Les mesures annoncées dans l'urgence par le Premier ministre au lendemain de la catastrophe de Toulouse, se traduisent par une série de mesures nouvelles en faveur de la prévention des risques industriels, déposées sous la forme d'amendements gouvernementaux lors de la discussion du projet de budget devant l'Assemblée nationale. Elles ont, notamment, pour objet de tripler le nombre des créations d'emplois prévues dans les directions régionales de l'industrie, de la recherche et de l'environnement, compétentes en matière d'inspection des installations classées, et de tripler le renforcement des moyens de recherche et d'expertise de l'Institut national de l'environnement industriel et des risques. Ces mesures étaient nécessaires, mais ne témoignent-elles pas aussi d'une prise de conscience un peu tardive, que certaines actions essentielles de terrain ont peut-être été négligées au cours de ces dernières années, au profit de priorités plus administratives ?

*

* *

I. LES CRÉDITS DE L'ENVIRONNEMENT : L'ÉVOLUTION D'UN BUDGET HORS NORMES

Comme chaque année, l'évaluation du taux de progression des crédits du ministère de l'environnement s'avère un exercice délicat : les crédits inscrits au fascicule budgétaire doivent être complétés par les ressources tirées du « fonds national solidarité pour l'eau » (FNSE), puis corrigés des variations liées aux changements de périmètres du ministère. Il faut, cette année, anticiper en outre l'effet des mesures , annoncées par le Premier ministre, au lendemain de la catastrophe de Toulouse , et qui ont pris la forme d'amendements à l'occasion de l'examen, par l'Assemblée nationale, du projet de loi de finances.

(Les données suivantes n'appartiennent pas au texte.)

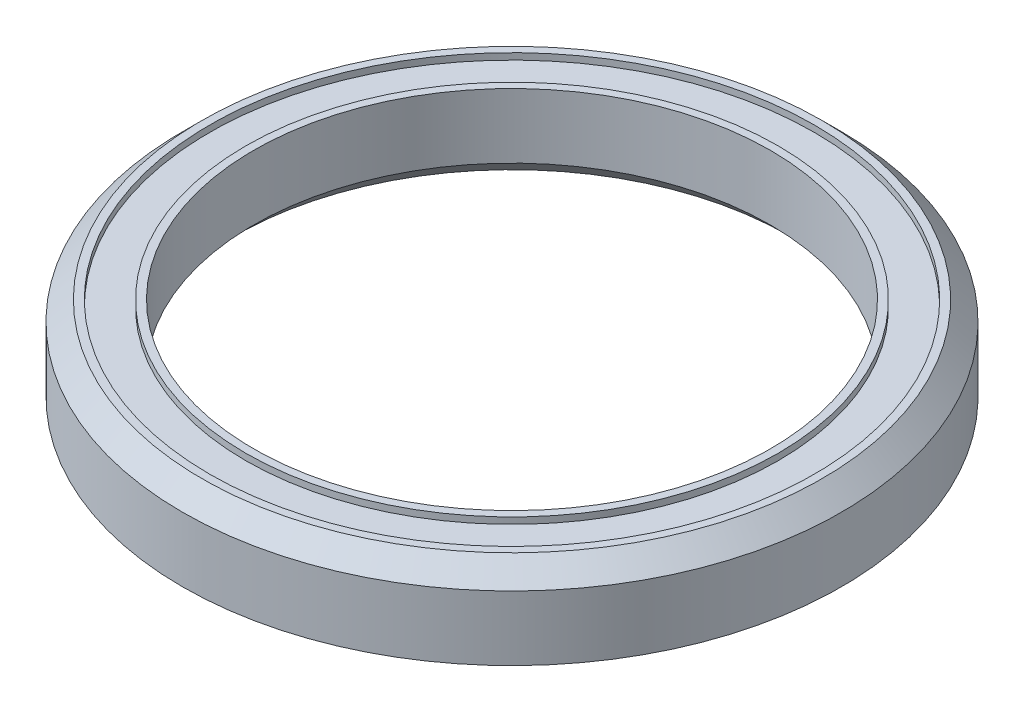
from build123d import *

# Parameters (mm, degrees)
SKETCH_1_R          = 25.5
SKETCH_1_R_2        = 20
EXTRUDE_1_DEPTH     = 6.5
CHAMFER_1_SIZE      = 1.5
CHAMFER_2_SIZE      = 1.5
SKETCH_2_R          = 23.4
SKETCH_2_R_2        = 20.6
CUT_EXTRUDE_1_DEPTH = 0.5
SKETCH_3_R          = 24.9
SKETCH_3_R_2        = 22.1
CUT_EXTRUDE_2_DEPTH = 0.5


with BuildPart() as part:
    # 草图1 → 凸台-拉伸1 (new body)
    with BuildSketch(Plane(origin=(0, 0, 0), x_dir=(1, 0, 0), z_dir=(0, 1, 0))):
        with Locations(Location((0, 0, 0), (0, 0, 90))):
            Circle(SKETCH_1_R)
        with Locations(Location((0, 0, 0), (0, 0, 90))):
            Circle(SKETCH_1_R_2, mode=Mode.SUBTRACT)
    extrude(amount=EXTRUDE_1_DEPTH)

    # 倒角1
    chamfer_1_edges = [part.edges().sort_by_distance(p)[0] for p in [
        (0, 6.5, 25.5),
    ]]
    chamfer(chamfer_1_edges, length=CHAMFER_1_SIZE)

    # 倒角2
    chamfer_2_edges = [part.edges().sort_by_distance(p)[0] for p in [
        (0, 0, 20),
    ]]
    chamfer(chamfer_2_edges, length=CHAMFER_2_SIZE)

    # 草图2 → 切除-拉伸1 (cut)
    with BuildSketch(Plane(origin=(0, 6.5, 0), x_dir=(1, 0, 0), z_dir=(0, 1, 0))):
        with Locations(Location((0, 0, 0), (0, 0, 270))):
            Circle(SKETCH_2_R)
        with Locations(Location((0, 0, 0), (0, 0, 270))):
            Circle(SKETCH_2_R_2, mode=Mode.SUBTRACT)
    extrude(amount=-CUT_EXTRUDE_1_DEPTH, mode=Mode.SUBTRACT)

    # 草图3 → 切除-拉伸2 (cut)
    with BuildSketch(Plane.XZ):
        with Locations(Location((0, 0, 0), (0, 0, 270))):
            Circle(SKETCH_3_R)
        with Locations(Location((0, 0, 0), (0, 0, 270))):
            Circle(SKETCH_3_R_2, mode=Mode.SUBTRACT)
    extrude(amount=-CUT_EXTRUDE_2_DEPTH, mode=Mode.SUBTRACT)


solid = part.part

A. LA PROGRESSION DES CRÉDITS DU MINISTÈRE DE L'ENVIRONNEMENT : UNE APPRÉCIATION TOUJOURS DÉLICATE

Les crédits inscrits au projet de budget pour 2002 du ministère de l'environnement s'élèvent à plus de 761 millions d'euros (près de 5 milliards de francs), en progression de 6,3 % par rapport aux crédits votés en 2001.

A ces crédits s'ajoutent les montants reçus au titre du « fonds national de solidarité pour l'eau » (FNSE), évalués pour 2002 à 83 millions d'euros (544 millions de francs), en hausse de 7 % par rapport à 2001.

C'est donc d'une enveloppe globale de 844 millions d'euros (5,5 milliards de francs) que disposera en 2002 le ministère de l'environnement pour conduire ses missions.

Sa progression de 6,3 % est très largement supérieure à la norme de progression de 2,2 % affichée pour l'ensemble des budgets civils de l'Etat en 2002. Il s'agit de la deuxième plus forte hausse de l'ensemble des fascicules budgétaires derrière l'aménagement du territoire, qui relève d'ailleurs du même ministre.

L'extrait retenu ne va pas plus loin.